On Wed, Mar 29, 2017 at 7:19 AM, Jorge Almeida <jjalme...@gmail.com> wrote:

> I have net by cable with nominal speed 200Mbps. The ISP provides a
> modem/router Netgear (from Numericable). I disabled the WiFi and I
> have 2 computers connected via ethernet to the router. The speed is
> about 156Mbps (measured by http://www.speedtest.net), which seems to
> be what to expect.
>
> Now, having a device provided by the ISP to act as router seems to be
> good for people who trust both the ISP and the manufacturer. (Please
> comment if I'm being too paranoid.)
>

The next hop after the ISP supplied router is another piece of the ISPs
network equipment, so the ISP access to your data is equivalent, since the
geography is not important. I dont think Netgear is any less trustworthy
than TP-link or whatever. Here the trust is probably more about reliability
of the device than data privacy. Probably being too paranoid.

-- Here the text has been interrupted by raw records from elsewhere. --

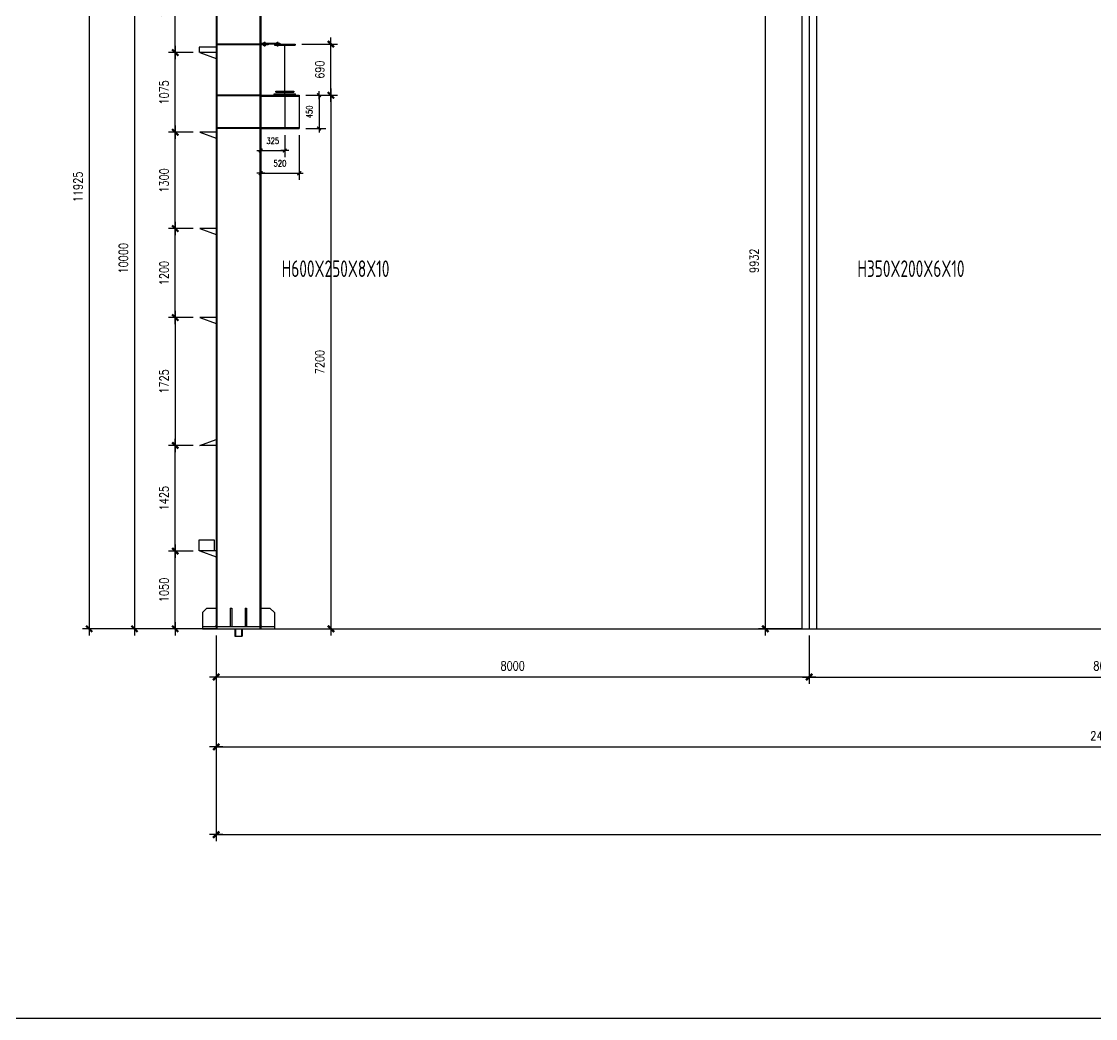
# Model space of a CAD drawing. Header units: millimetres. Extents: x 2451220 to 4527627, y -5186613 to -1639140.
# Drawn here: x 2483137 to 2497628, y -1695635 to -1682182 of the extents above; entities that cross this region are included whole.
import ezdxf

# ---------------------------------------------------------------- set-up
doc = ezdxf.new("R2010")
doc.units = ezdxf.units.MM
doc.header["$LTSCALE"] = 1000
doc.header["$PDMODE"] = 34
doc.linetypes.add('DASH', pattern=[0.35, 0.25, -0.1])
doc.styles.add('DIM_FONT', font='simplex.shx', dxfattribs={"width": 0.8, "bigfont": 'hztxt.shx'})
doc.styles.get("Standard").update_dxf_attribs({"font": 'txt', "bigfont": 'gbcbig.shx'})
doc.styles.add('TSSD_Label', font='Tssdeng.shx', dxfattribs={"width": 0.7, "bigfont": 'hztxt.shx'})
doc.dimstyles.get("Standard").update_dxf_attribs({"dimscale": 100, "dimtxt": 3.5, "dimasz": 1, "dimexe": 2.5, "dimexo": 3, "dimgap": 1.5, "dimtad": 1, "dimdec": 0, "dimzin": 0, "dimdsep": 46, "dimtxsty": 'Standard', "dimblk": 'ARCHTICK', "dimcen": 0.09, "dimadec": 0, "dimazin": 0, "dimtfac": 1, "dimtdec": 0, "dimtix": 1, "dimtmove": 2, "dimatfit": 3, "dimldrblk": 'ARCHTICK', "dimfxl": 1, "dimtolj": 1, "dimtzin": 0, "dimarcsym": 0})
doc.dimstyles.new('WGH(1)', dxfattribs={"dimscale": 1.2, "dimtxt": 100, "dimasz": 0.5, "dimexe": 75, "dimexo": 75, "dimgap": 75, "dimtad": 1, "dimdec": 0, "dimzin": 0, "dimdsep": 46, "dimtxsty": 'DIM_FONT', "dimblk1": '_DIMX', "dimblk2": '_DIMX', "dimsah": 1, "dimcen": 0.09, "dimclrd": 3, "dimclre": 3, "dimclrt": 7, "dimadec": 0, "dimazin": 0, "dimtfac": 1, "dimtdec": 0, "dimtix": 1, "dimtmove": 2, "dimatfit": 3, "dimldrblk": '_DIMX', "dimfxl": 1, "dimtolj": 1, "dimtzin": 0, "dimarcsym": 0})

# ---------------------------------------------------------------- blocks, each defined once
blk = doc.blocks.new('_DIMX')
blk.add_line((-150, 0), (150, 0))
at = {"const_width": 50}
blk.add_lwpolyline([(-70, -70), (70, 70)], dxfattribs=at)
blk = doc.blocks.new('*D1508')
at = {"color": 3, "lineweight": -2}
for p, q in [((2485584, -1680377), (2484572, -1680377)), ((2484662, -1680377), (2484662, -1690376)), ((2485674, -1690377), (2484572, -1690377))]:
    blk.add_line(p, q, dxfattribs=at)
at = {"layer": 'Defpoints', "color": 0}
for p in [(2485674, -1680377), (2484662, -1690377), (2485764, -1690377)]:
    blk.add_point(p, dxfattribs=at)
at = {"color": 3, "lineweight": -2, "xscale": 0.6, "yscale": 0.6, "zscale": 0.6}
for p, rotation in [((2484662, -1680377), 90), ((2484662, -1690377), 270)]:
    blk.add_blockref('_DIMX', p, dxfattribs=dict(at, rotation=rotation))
at = {"color": 7, "insert": (2484512, -1685377), "char_height": 120, "attachment_point": 5, "rotation": 90, "style": 'DIM_FONT'}
blk.add_mtext('\\A1;10000', dxfattribs=at)
blk = doc.blocks.new('*D277')
at = {"color": 3, "lineweight": -2}
for p, q in [((2485764, -1690467), (2485764, -1692060)), ((2509764, -1690467), (2509764, -1692060)), ((2485765, -1691970), (2509764, -1691970))]:
    blk.add_line(p, q, dxfattribs=at)
at = {"layer": 'Defpoints', "color": 0}
for p in [(2485764, -1690377), (2509764, -1690377), (2509764, -1691970)]:
    blk.add_point(p, dxfattribs=at)
at = {"color": 3, "lineweight": -2, "xscale": 0.6, "yscale": 0.6, "zscale": 0.6, "rotation": 180}
blk.add_blockref('_DIMX', (2485764, -1691970), dxfattribs=at)
at = {"color": 3, "lineweight": -2, "xscale": 0.6, "yscale": 0.6, "zscale": 0.6}
blk.add_blockref('_DIMX', (2509764, -1691970), dxfattribs=at)
at = {"color": 7, "insert": (2497764, -1691820), "char_height": 120, "attachment_point": 5, "style": 'DIM_FONT'}
blk.add_mtext('\\A1;24000', dxfattribs=at)
blk = doc.blocks.new('*D1510')
at = {"color": 3, "lineweight": -2}
for p, q in [((2493499, -1680444), (2493083, -1680444)), ((2493173, -1680445), (2493173, -1690376)), ((2493674, -1690377), (2493083, -1690377))]:
    blk.add_line(p, q, dxfattribs=at)
at = {"layer": 'Defpoints', "color": 0}
for p in [(2493589, -1680444), (2493173, -1690377), (2493764, -1690377)]:
    blk.add_point(p, dxfattribs=at)
at = {"color": 3, "lineweight": -2, "xscale": 0.6, "yscale": 0.6, "zscale": 0.6}
for p, rotation in [((2493173, -1680444), 90), ((2493173, -1690377), 270)]:
    blk.add_blockref('_DIMX', p, dxfattribs=dict(at, rotation=rotation))
at = {"color": 7, "insert": (2493023, -1685410), "char_height": 120, "attachment_point": 5, "rotation": 90, "style": 'DIM_FONT'}
blk.add_mtext('\\A1;9932', dxfattribs=at)
blk = doc.blocks.new('*D286')
at = {"color": 3, "lineweight": -2}
for p, q in [((2493764, -1690467), (2493764, -1691117)), ((2501764, -1690467), (2501764, -1691117)), ((2493765, -1691027), (2501764, -1691027))]:
    blk.add_line(p, q, dxfattribs=at)
at = {"layer": 'Defpoints', "color": 0}
for p in [(2493764, -1690377), (2501764, -1690377), (2501764, -1691027)]:
    blk.add_point(p, dxfattribs=at)
at = {"color": 3, "lineweight": -2, "xscale": 0.6, "yscale": 0.6, "zscale": 0.6, "rotation": 180}
blk.add_blockref('_DIMX', (2493764, -1691027), dxfattribs=at)
at = {"color": 3, "lineweight": -2, "xscale": 0.6, "yscale": 0.6, "zscale": 0.6}
blk.add_blockref('_DIMX', (2501764, -1691027), dxfattribs=at)
at = {"color": 7, "insert": (2497764, -1690877), "char_height": 120, "attachment_point": 5, "style": 'DIM_FONT'}
blk.add_mtext('\\A1;8000', dxfattribs=at)
blk = doc.blocks.new('*D287')
at = {"color": 3, "lineweight": -2}
for p, q in [((2485764, -1690557), (2485764, -1691117)), ((2493764, -1690557), (2493764, -1691117)), ((2493764, -1691027), (2485765, -1691027))]:
    blk.add_line(p, q, dxfattribs=at)
at = {"layer": 'Defpoints', "color": 0}
for p in [(2485764, -1690467), (2493764, -1690467), (2485764, -1691027)]:
    blk.add_point(p, dxfattribs=at)
at = {"color": 3, "lineweight": -2, "xscale": 0.6, "yscale": 0.6, "zscale": 0.6, "rotation": 180}
blk.add_blockref('_DIMX', (2485764, -1691027), dxfattribs=at)
at = {"color": 3, "lineweight": -2, "xscale": 0.6, "yscale": 0.6, "zscale": 0.6}
blk.add_blockref('_DIMX', (2493764, -1691027), dxfattribs=at)
at = {"color": 7, "insert": (2489764, -1690877), "char_height": 120, "attachment_point": 5, "style": 'DIM_FONT'}
blk.add_mtext('\\A1;8000', dxfattribs=at)
blk = doc.blocks.new('*D1597')
at = {"color": 3, "lineweight": -2}
for p, q in [((2485454, -1689327), (2485121, -1689327)), ((2485211, -1690376), (2485211, -1689327)), ((2485454, -1690377), (2485121, -1690377))]:
    blk.add_line(p, q, dxfattribs=at)
at = {"layer": 'Defpoints', "color": 0}
for p in [(2485211, -1689327), (2485544, -1689327), (2485544, -1690377)]:
    blk.add_point(p, dxfattribs=at)
at = {"color": 3, "lineweight": -2, "xscale": 0.6, "yscale": 0.6, "zscale": 0.6}
for p, rotation in [((2485211, -1689327), 90), ((2485211, -1690377), 270)]:
    blk.add_blockref('_DIMX', p, dxfattribs=dict(at, rotation=rotation))
at = {"color": 7, "insert": (2485061, -1689852), "char_height": 120, "attachment_point": 5, "rotation": 90, "style": 'DIM_FONT'}
blk.add_mtext('\\A1;1050', dxfattribs=at)
blk = doc.blocks.new('*D1598')
at = {"color": 3, "lineweight": -2}
for p, q in [((2485454, -1687902), (2485121, -1687902)), ((2485211, -1689326), (2485211, -1687902)), ((2485454, -1689327), (2485121, -1689327))]:
    blk.add_line(p, q, dxfattribs=at)
at = {"layer": 'Defpoints', "color": 0}
for p in [(2485211, -1687902), (2485544, -1687902), (2485544, -1689327)]:
    blk.add_point(p, dxfattribs=at)
at = {"color": 3, "lineweight": -2, "xscale": 0.6, "yscale": 0.6, "zscale": 0.6}
for p, rotation in [((2485211, -1687902), 90), ((2485211, -1689327), 270)]:
    blk.add_blockref('_DIMX', p, dxfattribs=dict(at, rotation=rotation))
at = {"color": 7, "insert": (2485061, -1688614), "char_height": 120, "attachment_point": 5, "rotation": 90, "style": 'DIM_FONT'}
blk.add_mtext('\\A1;1425', dxfattribs=at)
blk = doc.blocks.new('*D1599')
at = {"color": 3, "lineweight": -2}
for p, q in [((2485454, -1684977), (2485121, -1684977)), ((2485211, -1686176), (2485211, -1684977)), ((2485454, -1686177), (2485121, -1686177))]:
    blk.add_line(p, q, dxfattribs=at)
at = {"layer": 'Defpoints', "color": 0}
for p in [(2485211, -1684977), (2485544, -1684977), (2485544, -1686177)]:
    blk.add_point(p, dxfattribs=at)
at = {"color": 3, "lineweight": -2, "xscale": 0.6, "yscale": 0.6, "zscale": 0.6}
for p, rotation in [((2485211, -1684977), 90), ((2485211, -1686177), 270)]:
    blk.add_blockref('_DIMX', p, dxfattribs=dict(at, rotation=rotation))
at = {"color": 7, "insert": (2485061, -1685577), "char_height": 120, "attachment_point": 5, "rotation": 90, "style": 'DIM_FONT'}
blk.add_mtext('\\A1;1200', dxfattribs=at)
blk = doc.blocks.new('*D290')
at = {"color": 3, "lineweight": -2}
for p, q in [((2485454, -1683677), (2485121, -1683677)), ((2485211, -1684976), (2485211, -1683677)), ((2485454, -1684977), (2485121, -1684977))]:
    blk.add_line(p, q, dxfattribs=at)
at = {"layer": 'Defpoints', "color": 0}
for p in [(2485211, -1683677), (2485544, -1683677), (2485544, -1684977)]:
    blk.add_point(p, dxfattribs=at)
at = {"color": 3, "lineweight": -2, "xscale": 0.6, "yscale": 0.6, "zscale": 0.6}
for p, rotation in [((2485211, -1683677), 90), ((2485211, -1684977), 270)]:
    blk.add_blockref('_DIMX', p, dxfattribs=dict(at, rotation=rotation))
at = {"color": 7, "insert": (2485061, -1684327), "char_height": 120, "attachment_point": 5, "rotation": 90, "style": 'DIM_FONT'}
blk.add_mtext('\\A1;1300', dxfattribs=at)
blk = doc.blocks.new('*D1600')
at = {"color": 3, "lineweight": -2}
for p, q in [((2485454, -1682602), (2485121, -1682602)), ((2485211, -1683676), (2485211, -1682602)), ((2485454, -1683677), (2485121, -1683677))]:
    blk.add_line(p, q, dxfattribs=at)
at = {"layer": 'Defpoints', "color": 0}
for p in [(2485211, -1682602), (2485544, -1682602), (2485544, -1683677)]:
    blk.add_point(p, dxfattribs=at)
at = {"color": 3, "lineweight": -2, "xscale": 0.6, "yscale": 0.6, "zscale": 0.6}
for p, rotation in [((2485211, -1682602), 90), ((2485211, -1683677), 270)]:
    blk.add_blockref('_DIMX', p, dxfattribs=dict(at, rotation=rotation))
at = {"color": 7, "insert": (2485061, -1683139), "char_height": 120, "attachment_point": 5, "rotation": 90, "style": 'DIM_FONT'}
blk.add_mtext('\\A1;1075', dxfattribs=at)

> So, I setup the router to work in bridge mode and connected one of the
> 4 lan ports to the Wan port of a secondary router TP-link (Archer
> C1200, Wireless dual band gigabit). It is supposed to comply with
> 802.11b/g/n 2.4GHz and 802.11a/n/ac 5GHz. Not that this matters per
> se, as I disabled the WiFi.
>
> The point is: I connected the computers to the lan ports of my
> secondary router (with original firmware, but I intended to install
> ddwrt), and the setup works, except that the speed never reaches
> 100Mbps.
>

Ok so i think you've downgraded your performance without any real change in
security.

>
> Which part is to blame? The secondary router boasts 1300Mbps on 5GHz
> WiFi, so I assumed it could deal with 150Mbps on cat5e ethernet cable.
> The power consumption is about 4.5w, which seems a bit flimsy.
> Or maybe the primary router is thottling speed when in bridge mode? Is
> this possible at all? (And if so, what could be the purpose of such
> measure? *spooky*)
>

Does ifconfig show any interface errors?

You can probably setup PPPoA, or whatever is required, on your Gentoo box
to bring the service up instead of the TP-link, and test the bridge mode
throughput. This also means you can have maximum flexibility since Gentoo
will do all the interesting network stuff. However, unless you wanted to do
that as a learning exercise its probably a waste of time and effort.

Does TPlink provide any performance stats?